Can anyone recommend any cafes in Bonn? I'm going to be there for several days later this month. Google hasn't thrown up anything that looks clearly like 21st century coffee.


----------



## Recail (May 28, 2014)

Mc coffe will be easier to find anywhere and it is good


----------



## Fig Feijoa (Apr 23, 2014)

Recail said:


> Mc coffe will be easier to find anywhere and it is good


Thanks Recail. Just got back from Germany last night. Had difficulty with Bonn cafes - all we found served scalded coffee with scalded milk. There are two good ones apparently, but both are closed from Saturday 6 pm to Tuesday 11 am - which were the dates we were there. Don't understand what you mean by "Mc coffe" - what's that?


----------



## Glenn (Jun 14, 2008)

There are 2 entries on Beanhunter that may be worth checking out

http://www.beanhunter.com/germany/north-rhine-westphalia/bonn/friedrichs-coffeeshop

and

http://www.beanhunter.com/germany/north-rhine-westphalia/bonn/frau-holle-cafe-roller


----------



## beany (Aug 25, 2013)

Okay maybe a little late but there is a place to go in Bonn. Kaffeekontor Bonn Maxstrasse 10 close to Bonner Stadthaus.The good thing is this a roastery so you can buy some beans ,too.
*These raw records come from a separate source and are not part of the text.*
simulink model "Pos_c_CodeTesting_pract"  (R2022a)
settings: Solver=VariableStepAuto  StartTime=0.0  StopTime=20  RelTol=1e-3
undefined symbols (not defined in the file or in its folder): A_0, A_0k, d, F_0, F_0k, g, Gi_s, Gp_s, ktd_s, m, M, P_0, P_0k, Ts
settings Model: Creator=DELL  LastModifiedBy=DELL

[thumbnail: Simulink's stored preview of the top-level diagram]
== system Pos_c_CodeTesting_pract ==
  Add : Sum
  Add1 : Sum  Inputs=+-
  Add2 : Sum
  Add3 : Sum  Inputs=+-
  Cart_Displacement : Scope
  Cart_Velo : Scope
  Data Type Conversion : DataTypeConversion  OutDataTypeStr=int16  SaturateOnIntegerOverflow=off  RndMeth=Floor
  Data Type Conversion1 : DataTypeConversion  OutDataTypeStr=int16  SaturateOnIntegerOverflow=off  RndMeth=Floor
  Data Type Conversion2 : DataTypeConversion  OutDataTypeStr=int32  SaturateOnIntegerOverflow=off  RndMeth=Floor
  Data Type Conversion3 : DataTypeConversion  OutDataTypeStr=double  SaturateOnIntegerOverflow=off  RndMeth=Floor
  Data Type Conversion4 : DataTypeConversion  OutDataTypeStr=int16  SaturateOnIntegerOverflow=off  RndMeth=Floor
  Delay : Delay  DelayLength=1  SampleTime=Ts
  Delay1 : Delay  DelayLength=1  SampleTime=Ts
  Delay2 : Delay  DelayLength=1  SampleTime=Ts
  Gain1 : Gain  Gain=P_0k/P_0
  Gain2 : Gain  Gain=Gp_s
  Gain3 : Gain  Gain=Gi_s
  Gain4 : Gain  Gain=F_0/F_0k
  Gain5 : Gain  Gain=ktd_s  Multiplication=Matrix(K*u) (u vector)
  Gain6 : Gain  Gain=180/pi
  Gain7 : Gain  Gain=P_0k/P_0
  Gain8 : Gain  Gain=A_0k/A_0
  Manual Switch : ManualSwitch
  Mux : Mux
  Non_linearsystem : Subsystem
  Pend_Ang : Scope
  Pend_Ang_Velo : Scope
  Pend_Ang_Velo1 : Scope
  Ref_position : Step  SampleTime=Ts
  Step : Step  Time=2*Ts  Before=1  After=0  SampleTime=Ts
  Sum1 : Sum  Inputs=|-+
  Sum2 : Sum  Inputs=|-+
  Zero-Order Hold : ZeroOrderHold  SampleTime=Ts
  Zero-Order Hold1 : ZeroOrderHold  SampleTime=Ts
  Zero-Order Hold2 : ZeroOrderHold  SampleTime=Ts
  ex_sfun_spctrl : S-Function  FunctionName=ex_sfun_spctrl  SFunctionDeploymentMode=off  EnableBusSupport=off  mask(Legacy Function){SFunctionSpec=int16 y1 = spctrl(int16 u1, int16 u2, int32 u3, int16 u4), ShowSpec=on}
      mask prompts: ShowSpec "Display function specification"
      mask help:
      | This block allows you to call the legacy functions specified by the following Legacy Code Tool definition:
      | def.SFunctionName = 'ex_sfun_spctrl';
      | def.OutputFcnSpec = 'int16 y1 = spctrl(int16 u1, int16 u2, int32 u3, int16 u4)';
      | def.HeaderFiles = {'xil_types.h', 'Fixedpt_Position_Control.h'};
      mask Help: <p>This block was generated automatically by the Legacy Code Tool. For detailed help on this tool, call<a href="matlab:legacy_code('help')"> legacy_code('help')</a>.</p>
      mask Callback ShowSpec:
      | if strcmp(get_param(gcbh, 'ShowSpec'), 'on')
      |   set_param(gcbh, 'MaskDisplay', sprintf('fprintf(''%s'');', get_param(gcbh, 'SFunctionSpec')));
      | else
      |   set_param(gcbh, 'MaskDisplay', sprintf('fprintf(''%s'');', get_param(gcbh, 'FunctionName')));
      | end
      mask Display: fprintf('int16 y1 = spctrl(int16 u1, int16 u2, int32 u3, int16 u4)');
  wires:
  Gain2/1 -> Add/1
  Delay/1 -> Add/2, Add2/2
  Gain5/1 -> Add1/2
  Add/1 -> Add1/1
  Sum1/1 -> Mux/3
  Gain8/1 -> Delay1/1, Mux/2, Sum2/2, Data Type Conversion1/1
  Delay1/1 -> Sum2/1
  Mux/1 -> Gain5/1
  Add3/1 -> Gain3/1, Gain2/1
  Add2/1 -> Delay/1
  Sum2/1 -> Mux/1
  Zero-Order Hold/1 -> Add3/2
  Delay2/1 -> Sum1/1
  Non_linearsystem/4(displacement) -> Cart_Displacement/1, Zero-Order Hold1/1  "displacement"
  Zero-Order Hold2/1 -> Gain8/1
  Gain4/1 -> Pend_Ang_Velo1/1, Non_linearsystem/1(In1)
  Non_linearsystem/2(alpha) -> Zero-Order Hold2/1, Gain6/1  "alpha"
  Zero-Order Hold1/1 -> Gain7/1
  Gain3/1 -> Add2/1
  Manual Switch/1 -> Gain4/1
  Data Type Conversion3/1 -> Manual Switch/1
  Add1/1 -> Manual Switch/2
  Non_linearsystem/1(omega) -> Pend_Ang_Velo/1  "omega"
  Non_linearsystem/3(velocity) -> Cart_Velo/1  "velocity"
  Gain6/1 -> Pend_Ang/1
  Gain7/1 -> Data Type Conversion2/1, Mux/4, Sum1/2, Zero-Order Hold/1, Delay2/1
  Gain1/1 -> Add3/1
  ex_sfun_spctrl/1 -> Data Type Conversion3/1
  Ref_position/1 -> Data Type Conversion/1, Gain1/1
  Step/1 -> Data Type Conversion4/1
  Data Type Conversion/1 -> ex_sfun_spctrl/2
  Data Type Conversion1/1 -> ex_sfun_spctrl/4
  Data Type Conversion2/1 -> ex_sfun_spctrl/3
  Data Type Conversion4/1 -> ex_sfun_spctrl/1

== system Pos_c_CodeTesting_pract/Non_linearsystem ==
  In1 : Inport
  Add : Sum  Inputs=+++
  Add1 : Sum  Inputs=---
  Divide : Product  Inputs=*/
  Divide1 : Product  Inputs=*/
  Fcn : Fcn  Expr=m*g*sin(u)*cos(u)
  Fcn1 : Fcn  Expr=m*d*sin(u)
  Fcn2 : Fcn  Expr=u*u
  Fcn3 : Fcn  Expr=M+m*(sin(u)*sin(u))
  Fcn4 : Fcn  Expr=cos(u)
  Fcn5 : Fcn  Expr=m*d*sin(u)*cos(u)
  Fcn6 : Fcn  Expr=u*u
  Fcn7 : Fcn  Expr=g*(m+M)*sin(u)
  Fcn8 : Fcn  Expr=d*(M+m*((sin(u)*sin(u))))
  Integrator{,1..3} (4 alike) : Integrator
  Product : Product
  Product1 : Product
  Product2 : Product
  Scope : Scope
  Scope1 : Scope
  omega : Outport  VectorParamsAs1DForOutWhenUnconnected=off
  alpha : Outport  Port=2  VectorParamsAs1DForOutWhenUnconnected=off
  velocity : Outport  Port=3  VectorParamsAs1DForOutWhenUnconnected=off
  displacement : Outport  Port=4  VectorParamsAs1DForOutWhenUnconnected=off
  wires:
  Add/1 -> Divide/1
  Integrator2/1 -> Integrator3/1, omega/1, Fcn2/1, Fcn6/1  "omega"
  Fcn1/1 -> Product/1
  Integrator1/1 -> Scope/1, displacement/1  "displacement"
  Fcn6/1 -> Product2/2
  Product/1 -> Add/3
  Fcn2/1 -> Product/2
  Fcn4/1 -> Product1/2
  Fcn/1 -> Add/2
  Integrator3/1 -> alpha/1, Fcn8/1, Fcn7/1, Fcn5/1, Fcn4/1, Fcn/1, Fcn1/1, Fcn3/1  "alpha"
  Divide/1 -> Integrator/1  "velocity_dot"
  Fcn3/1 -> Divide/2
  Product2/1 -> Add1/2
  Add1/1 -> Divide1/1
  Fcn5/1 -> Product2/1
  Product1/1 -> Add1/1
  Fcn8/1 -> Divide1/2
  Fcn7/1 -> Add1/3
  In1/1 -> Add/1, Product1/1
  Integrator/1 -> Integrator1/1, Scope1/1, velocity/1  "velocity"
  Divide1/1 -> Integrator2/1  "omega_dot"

Enjoy and share you experience with us







beany


----------



## Fig Feijoa (Apr 23, 2014)

Glenn said:


> There are 2 entries on Beanhunter that may be worth checking out
> 
> http://www.beanhunter.com/germany/north-rhine-westphalia/bonn/friedrichs-coffeeshop
> 
> ...


Thanks Glenn - we tried Frau Holle (another branch than that one), and it was awful. Scalded coffee, scalded milk. I'm putting a review on Beanhunter to say as much... Didn't make it to Friedrichs though.


----------